● Assigned task: Could you reproduce, from the records below, everything from the line with "FILE_NAME('part.step','',(''),(''),'','','');" down to the line with "#11=(NAMED_UNIT(*) PLANE_ANGLE_UNIT() SI_UNIT($,.RADIAN.));", keeping both of those lines and changing nothing?

● Input records:
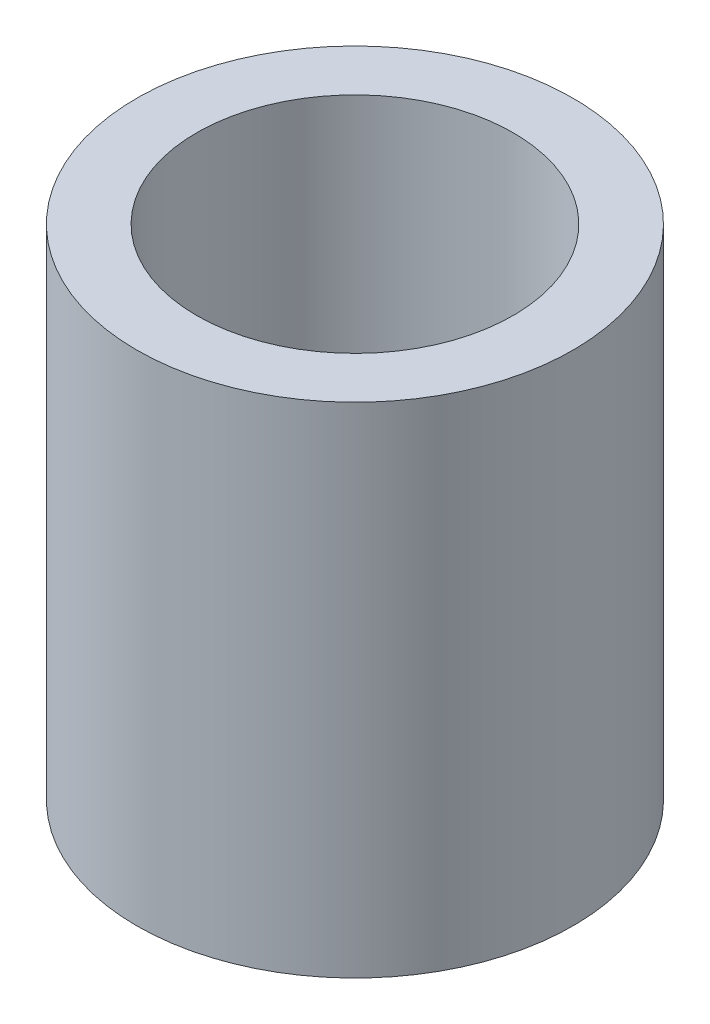
ISO-10303-21;
HEADER;
FILE_DESCRIPTION(('STEP AP214'),'2;1');
FILE_NAME('part.step','',(''),(''),'','','');
FILE_SCHEMA(('AUTOMOTIVE_DESIGN { 1 0 10303 214 1 1 1 1 }'));
ENDSEC;
DATA;
#1=APPLICATION_CONTEXT('core data for automotive mechanical design processes');
#2=APPLICATION_PROTOCOL_DEFINITION('international standard','automotive_design',2000,#1);
#3=PRODUCT_CONTEXT('',#1,'mechanical');
#4=PRODUCT('Part','Part','',(#3));
#5=PRODUCT_RELATED_PRODUCT_CATEGORY('part','',(#4));
#6=PRODUCT_DEFINITION_FORMATION('','',#4);
#7=PRODUCT_DEFINITION_CONTEXT('part definition',#1,'design');
#8=PRODUCT_DEFINITION('design','',#6,#7);
#9=PRODUCT_DEFINITION_SHAPE('','',#8);
#10=(LENGTH_UNIT() NAMED_UNIT(*) SI_UNIT(.MILLI.,.METRE.));
#11=(NAMED_UNIT(*) PLANE_ANGLE_UNIT() SI_UNIT($,.RADIAN.));
#12=(NAMED_UNIT(*) SI_UNIT($,.STERADIAN.) SOLID_ANGLE_UNIT());
#13=UNCERTAINTY_MEASURE_WITH_UNIT(LENGTH_MEASURE(1.E-05),#10,'distance_accuracy_value','');
#14=(GEOMETRIC_REPRESENTATION_CONTEXT(3) GLOBAL_UNCERTAINTY_ASSIGNED_CONTEXT((#13)) GLOBAL_UNIT_ASSIGNED_CONTEXT((#10,
#11,#12)) REPRESENTATION_CONTEXT('',''));
#15=CARTESIAN_POINT('',(0.,0.,0.));
#16=DIRECTION('',(0.,0.,1.));
#17=DIRECTION('',(1.,0.,0.));
#18=AXIS2_PLACEMENT_3D('',#15,#16,#17);
#19=CARTESIAN_POINT('',(0.,4.,0.));
#20=DIRECTION('',(0.,1.,0.));
#21=DIRECTION('',(0.,0.,1.));
#22=AXIS2_PLACEMENT_3D('',#19,#20,#21);
#23=PLANE('',#22);
#24=CARTESIAN_POINT('',(0.,4.,0.));
#25=DIRECTION('',(0.,1.,0.));
#26=DIRECTION('',(0.,0.,1.));
#27=AXIS2_PLACEMENT_3D('',#24,#25,#26);
#28=CIRCLE('',#27,3.5);
#29=CARTESIAN_POINT('',(0.,4.,3.5));
#30=VERTEX_POINT('',#29);
#31=EDGE_CURVE('E10',#30,#30,#28,.T.);
#32=ORIENTED_EDGE('',*,*,#31,.T.);
#33=EDGE_LOOP('',(#32));
#34=FACE_BOUND('',#33,.T.);
#35=CARTESIAN_POINT('',(0.,4.,0.));
#36=DIRECTION('',(0.,1.,0.));
#37=DIRECTION('',(0.,0.,1.));
#38=AXIS2_PLACEMENT_3D('',#35,#36,#37);
#39=CIRCLE('',#38,2.54);
#40=CARTESIAN_POINT('',(0.,4.,2.54));
#41=VERTEX_POINT('',#40);
#42=EDGE_CURVE('E52',#41,#41,#39,.T.);
#43=ORIENTED_EDGE('',*,*,#42,.F.);
#44=EDGE_LOOP('',(#43));
#45=FACE_BOUND('',#44,.T.);
#46=ADVANCED_FACE('F39',(#34,#45),#23,.T.);
#47=CARTESIAN_POINT('',(0.,-4.,0.));
#48=DIRECTION('',(0.,1.,0.));
#49=DIRECTION('',(0.,0.,1.));
#50=AXIS2_PLACEMENT_3D('',#47,#48,#49);
#51=PLANE('',#50);
#52=CARTESIAN_POINT('',(0.,-4.,0.));
#53=DIRECTION('',(0.,1.,0.));
#54=DIRECTION('',(0.,0.,1.));
#55=AXIS2_PLACEMENT_3D('',#52,#53,#54);
#56=CIRCLE('',#55,3.5);
#57=CARTESIAN_POINT('',(0.,-4.,3.5));
#58=VERTEX_POINT('',#57);
#59=EDGE_CURVE('E43',#58,#58,#56,.T.);
#60=ORIENTED_EDGE('',*,*,#59,.F.);
#61=EDGE_LOOP('',(#60));
#62=FACE_BOUND('',#61,.T.);
#63=CARTESIAN_POINT('',(0.,-4.,0.));
#64=DIRECTION('',(0.,1.,0.));
#65=DIRECTION('',(0.,0.,1.));
#66=AXIS2_PLACEMENT_3D('',#63,#64,#65);
#67=CIRCLE('',#66,2.54);
#68=CARTESIAN_POINT('',(0.,-4.,2.54));
#69=VERTEX_POINT('',#68);
#70=EDGE_CURVE('E54',#69,#69,#67,.T.);
#71=ORIENTED_EDGE('',*,*,#70,.T.);
#72=EDGE_LOOP('',(#71));
#73=FACE_BOUND('',#72,.T.);
#74=ADVANCED_FACE('F66',(#62,#73),#51,.F.);
#75=CARTESIAN_POINT('',(0.,4.,0.));
#76=DIRECTION('',(0.,-1.,0.));
#77=DIRECTION('',(0.,0.,-1.));
#78=AXIS2_PLACEMENT_3D('',#75,#76,#77);
#79=CYLINDRICAL_SURFACE('',#78,3.5);
#80=ORIENTED_EDGE('',*,*,#31,.F.);
#81=EDGE_LOOP('',(#80));
#82=FACE_BOUND('',#81,.T.);
#83=ORIENTED_EDGE('',*,*,#59,.T.);
#84=EDGE_LOOP('',(#83));
#85=FACE_BOUND('',#84,.T.);
#86=ADVANCED_FACE('F41',(#82,#85),#79,.T.);
#87=CARTESIAN_POINT('',(0.,4.,0.));
#88=DIRECTION('',(0.,-1.,0.));
#89=DIRECTION('',(0.,0.,-1.));
#90=AXIS2_PLACEMENT_3D('',#87,#88,#89);
#91=CYLINDRICAL_SURFACE('',#90,2.54);
#92=ORIENTED_EDGE('',*,*,#42,.T.);
#93=EDGE_LOOP('',(#92));
#94=FACE_BOUND('',#93,.T.);
#95=ORIENTED_EDGE('',*,*,#70,.F.);
#96=EDGE_LOOP('',(#95));
#97=FACE_BOUND('',#96,.T.);
#98=ADVANCED_FACE('F62',(#94,#97),#91,.F.);
#99=CLOSED_SHELL('',(#46,#74,#86,#98));
#100=MANIFOLD_SOLID_BREP('B2',#99);
#101=ADVANCED_BREP_SHAPE_REPRESENTATION('',(#18,#100),#14);
#102=SHAPE_DEFINITION_REPRESENTATION(#9,#101);
ENDSEC;
END-ISO-10303-21;

● Answer space:
FILE_NAME('part.step','',(''),(''),'','','');
FILE_SCHEMA(('AUTOMOTIVE_DESIGN { 1 0 10303 214 1 1 1 1 }'));
ENDSEC;
DATA;
#1=APPLICATION_CONTEXT('core data for automotive mechanical design processes');
#2=APPLICATION_PROTOCOL_DEFINITION('international standard','automotive_design',2000,#1);
#3=PRODUCT_CONTEXT('',#1,'mechanical');
#4=PRODUCT('Part','Part','',(#3));
#5=PRODUCT_RELATED_PRODUCT_CATEGORY('part','',(#4));
#6=PRODUCT_DEFINITION_FORMATION('','',#4);
#7=PRODUCT_DEFINITION_CONTEXT('part definition',#1,'design');
#8=PRODUCT_DEFINITION('design','',#6,#7);
#9=PRODUCT_DEFINITION_SHAPE('','',#8);
#10=(LENGTH_UNIT() NAMED_UNIT(*) SI_UNIT(.MILLI.,.METRE.));
#11=(NAMED_UNIT(*) PLANE_ANGLE_UNIT() SI_UNIT($,.RADIAN.));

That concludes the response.